Leah West: Popular, independent, singer-songwriter, multi-disciplinary artist, and award winner…. There are many ways to describe Leah West. I would describe her as humble and inspirational. Now, you might think those two adjectives don’t work well together, but I talked to Leah in great depth about her music and I listened to her name off other artists who inspire her. I began to see that it probably never occurred to Leah how much she inspires other artists.It also never occurred to Leah that she would be nominated for the 2011 BCIMA “People’s Choice Award,” let alone that she would win. Leah recalls that she was shaking right before her name was announced. She was up for a total of three other awards. She was nominated for “Single of the Year”, “Pop/Contemporary Recording of the Year” and for “Singer/Songwriter of the Year.” She made it to the top 3 among approximately 700 other artists. She was up against a 2x JUNO Award Winner in all three categories. Although she did not win, she felt honored just to be in the top 3 with such formidable talent. When Leah’s name was called for the 2011 BCIMA “People’s Choice Award,” she recalls this rush of energy. “It was surreal. Everyone was cheering and clapping for me. I was shaking and crying.”

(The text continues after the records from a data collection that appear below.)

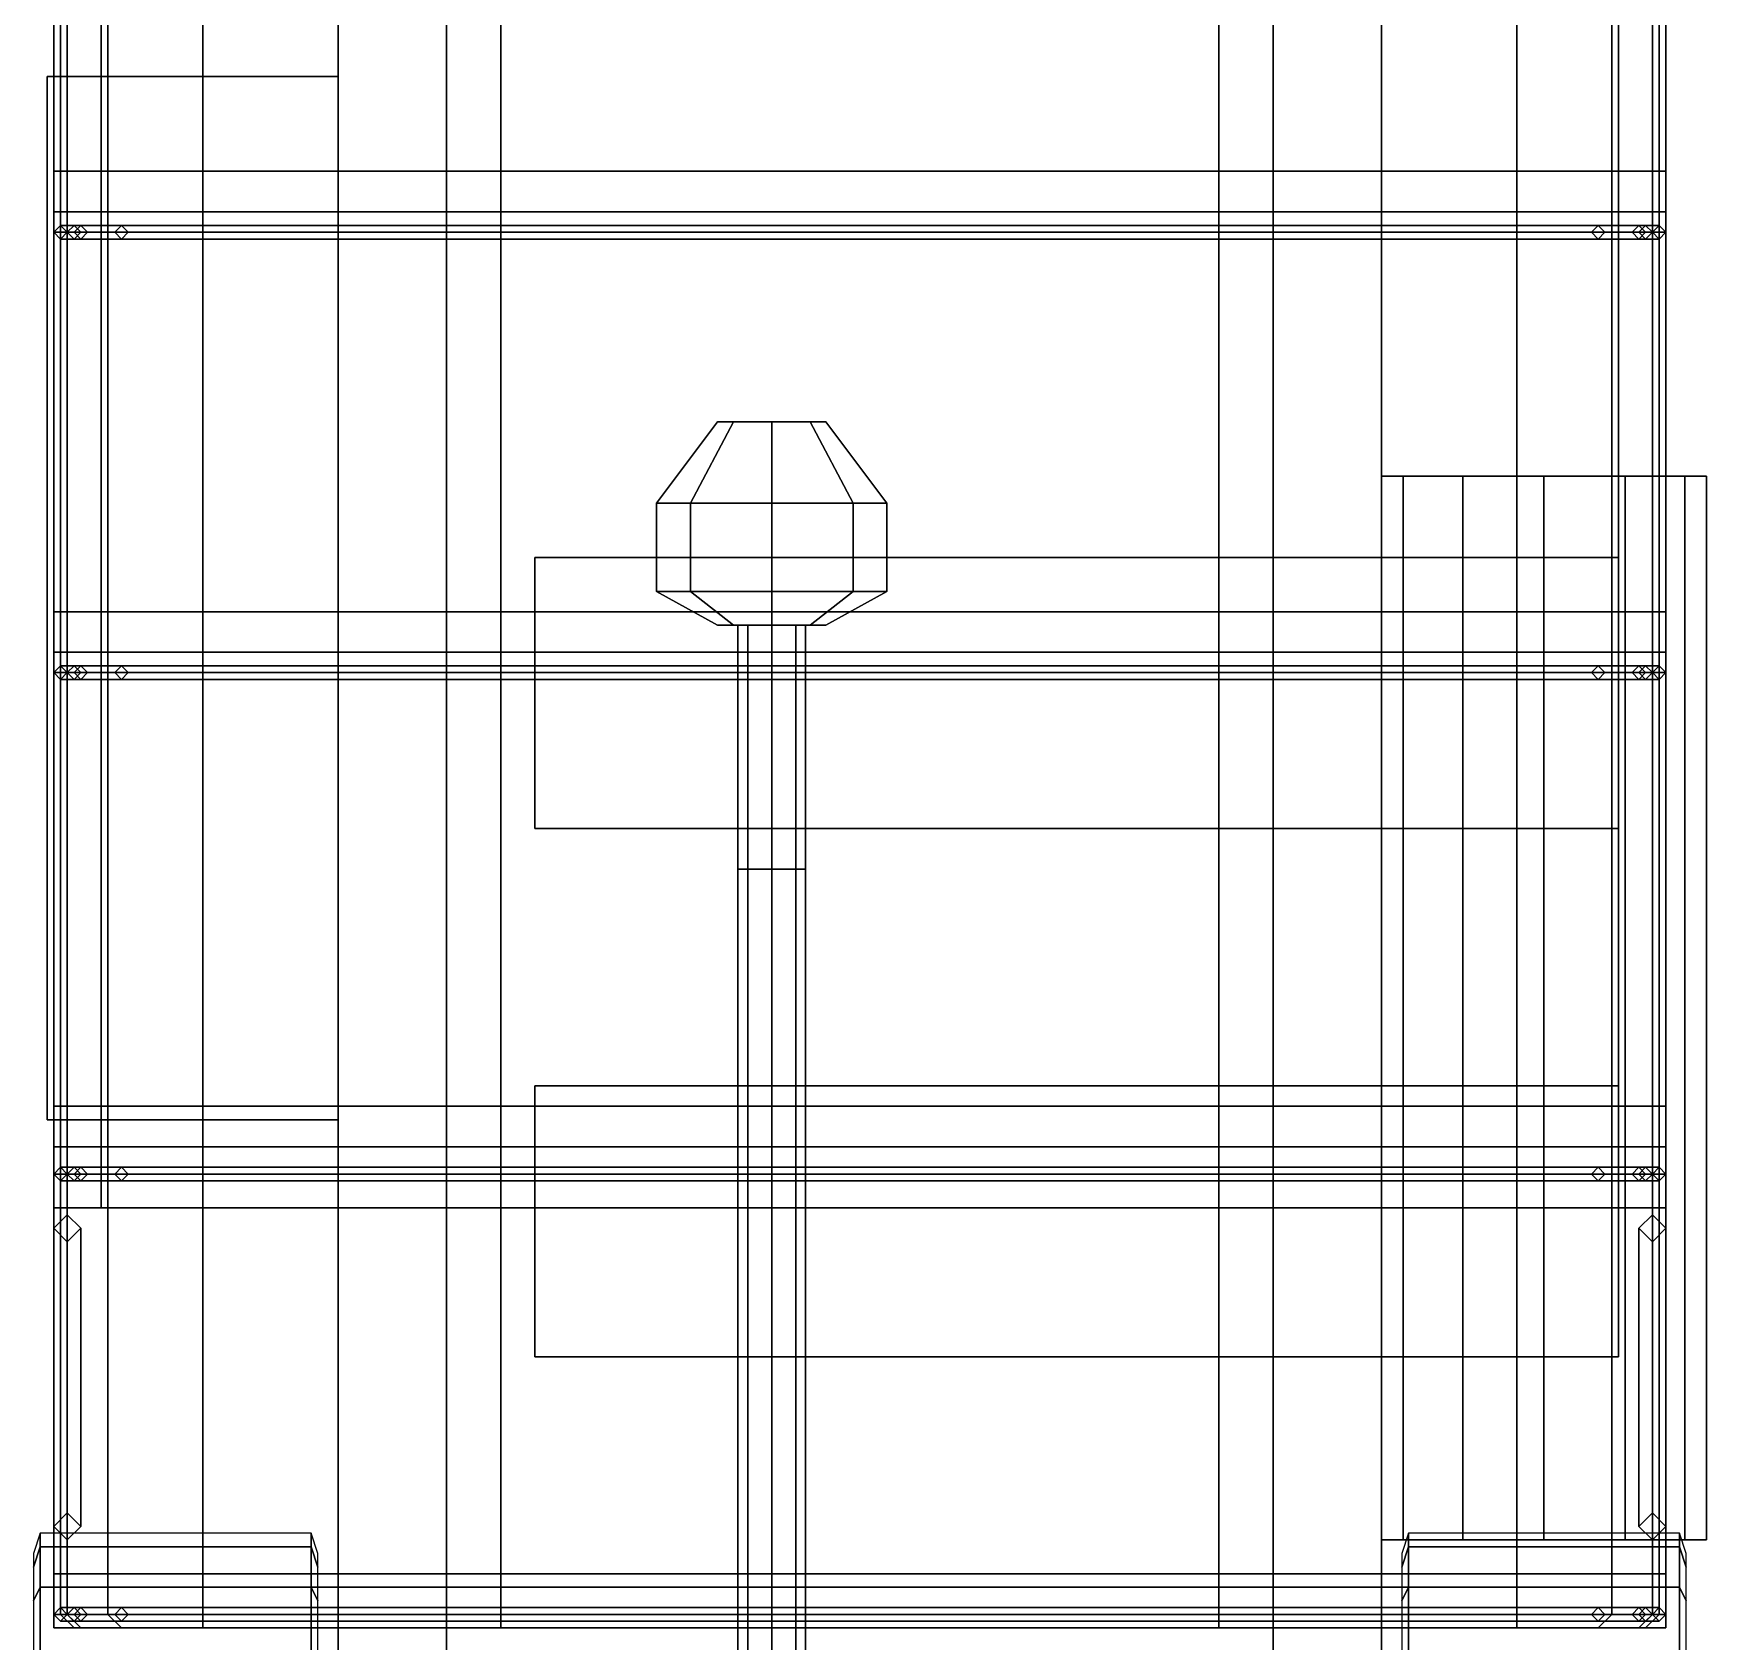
# Model space of a CAD drawing. Header units: millimetres. Extents: x -1.3 to 1.3, y -3 to 15.8.
# Drawn here: x -1.22 to 1.25, y -1.3 to 1.073 of the extents above; entities that cross this region are included whole.
import ezdxf

# ---------------------------------------------------------------- set-up
doc = ezdxf.new("R2010")
doc.units = ezdxf.units.MM
for name, color, linetype in [('cargo_bay', 6, 'Continuous'), ('fenders', 6, 'Continuous'), ('frame', 5, 'Continuous'), ('tent', 3, 'Continuous')]:
    doc.layers.add(name, color=color, linetype=linetype)

msp = doc.modelspace()

# ---------------------------------------------------------------- linework, layer by layer
at = {"layer": 'cargo_bay'}
for points in [[(-1.19, -0.66, 1.64), (-1.19, 3.3, 1.56), (-1.19, -1.28, 1.56), (-1.19, -1.2, 1.64)], [(-1.19, -1.28, 1.56), (-1.19, 3.3, 1.56), (1.19, 3.3, 1.56), (1.19, -1.28, 1.56)], [(-1.19, -0.66, 1.64), (-1.19, -0.66, 2.45), (-1.19, 3.3, 2.45), (-1.19, 3.3, 1.56)], [(-1.12, 3.23, 2.45), (-1.19, 3.3, 2.45), (-1.19, -0.66, 2.45), (-1.12, -0.66, 2.45)], [(1.19, 3.3, 2.45), (1.12, 3.23, 2.45), (1.12, -0.66, 2.45), (1.19, -0.66, 2.45)], [(1.19, -1.28, 1.56), (1.19, 3.3, 1.56), (1.19, -0.66, 1.64), (1.19, -1.2, 1.64)], [(1.19, 3.3, 1.56), (1.19, 3.3, 2.45), (1.19, -0.66, 2.45), (1.19, -0.66, 1.64)], [(1.12, -0.66, 1.64), (1.12, 3.23, 1.64), (-1.12, 3.23, 1.64), (-1.12, -0.66, 1.64)], [(-1.12, 3.23, 1.64), (-1.12, 3.23, 2.45), (-1.12, -0.66, 2.45), (-1.12, -0.66, 1.64)], [(1.12, -0.66, 1.64), (1.12, -0.66, 2.45), (1.12, 3.23, 2.45), (1.12, 3.23, 1.64)], [(-1.18, 0.79, 2.45), (-1.19, 0.78, 2.45), (-1.17, 0.78, 3.05), (-1.16, 0.79, 3.05)], [(-1.19, 0.78, 2.45), (-1.18, 0.77, 2.45), (-1.16, 0.77, 3.05), (-1.17, 0.78, 3.05)], [(-1.17, 0.78, 2.45), (-1.18, 0.79, 2.45), (-1.16, 0.79, 3.05), (-1.15, 0.78, 3.05)], [(-1.18, 0.77, 2.45), (-1.17, 0.78, 2.45), (-1.15, 0.78, 3.05), (-1.16, 0.77, 3.05)], [(-1.16, 0.79, 3.05), (-1.17, 0.78, 3.05), (-1.16, 0.78, 3.19), (-1.15, 0.79, 3.19)], [(-1.17, 0.78, 3.05), (-1.16, 0.77, 3.05), (-1.15, 0.77, 3.19), (-1.16, 0.78, 3.19)], [(-1.15, 0.79, 3.19), (-1.16, 0.78, 3.19), (-1.1, 0.78, 3.31), (-1.09, 0.79, 3.3)], [(-1.15, 0.78, 3.05), (-1.16, 0.79, 3.05), (-1.15, 0.79, 3.19), (-1.14, 0.78, 3.19)], [(-1.16, 0.78, 3.19), (-1.15, 0.77, 3.19), (-1.09, 0.77, 3.3), (-1.1, 0.78, 3.31)], [(-1.16, 0.77, 3.05), (-1.15, 0.78, 3.05), (-1.14, 0.78, 3.19), (-1.15, 0.77, 3.19)], [(-1.14, 0.78, 3.19), (-1.15, 0.79, 3.19), (-1.09, 0.79, 3.3), (-1.08, 0.78, 3.29)], [(-1.15, 0.77, 3.19), (-1.14, 0.78, 3.19), (-1.08, 0.78, 3.29), (-1.09, 0.77, 3.3)], [(-1.09, 0.79, 3.3), (-1.1, 0.78, 3.31), (-0.97, 0.78, 3.36), (-0.97, 0.79, 3.35)], [(-1.1, 0.78, 3.31), (-1.09, 0.77, 3.3), (-0.97, 0.77, 3.35), (-0.97, 0.78, 3.36)], [(-1.08, 0.78, 3.29), (-1.09, 0.79, 3.3), (-0.97, 0.79, 3.35), (-0.97, 0.78, 3.34)], [(-1.09, 0.77, 3.3), (-1.08, 0.78, 3.29), (-0.97, 0.78, 3.34), (-0.97, 0.77, 3.35)], [(-0.97, 0.79, 3.35), (-0.97, 0.78, 3.36), (-0.53, 0.78, 3.38), (-0.53, 0.79, 3.37)], [(-0.97, 0.78, 3.34), (-0.97, 0.79, 3.35), (-0.53, 0.79, 3.37), (-0.53, 0.78, 3.36)], [(-0.97, 0.78, 3.36), (-0.97, 0.77, 3.35), (-0.53, 0.77, 3.37), (-0.53, 0.78, 3.38)], [(-0.97, 0.77, 3.35), (-0.97, 0.78, 3.34), (-0.53, 0.78, 3.36), (-0.53, 0.77, 3.37)], [(0.53, 0.78, 3.38), (0.53, 0.79, 3.37), (-0.53, 0.79, 3.37), (-0.53, 0.78, 3.38)], [(0.53, 0.79, 3.37), (0.53, 0.78, 3.36), (-0.53, 0.78, 3.36), (-0.53, 0.79, 3.37)], [(0.53, 0.77, 3.37), (0.53, 0.78, 3.38), (-0.53, 0.78, 3.38), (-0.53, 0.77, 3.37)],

Leah has been practically singing since she was born. She even has a video of herself at two-and-a-half-years-old singing with a mic. When she was around seven years old, she began writing poetry. She really liked literature. When she was a teenager, her first boyfriend was the son of Jimmy Webb, the multi-platinum-selling singer, songwriter and composer. This planted a seed. His whole family was very musical, and it gave Leah an idea that it was possible to make a living in music.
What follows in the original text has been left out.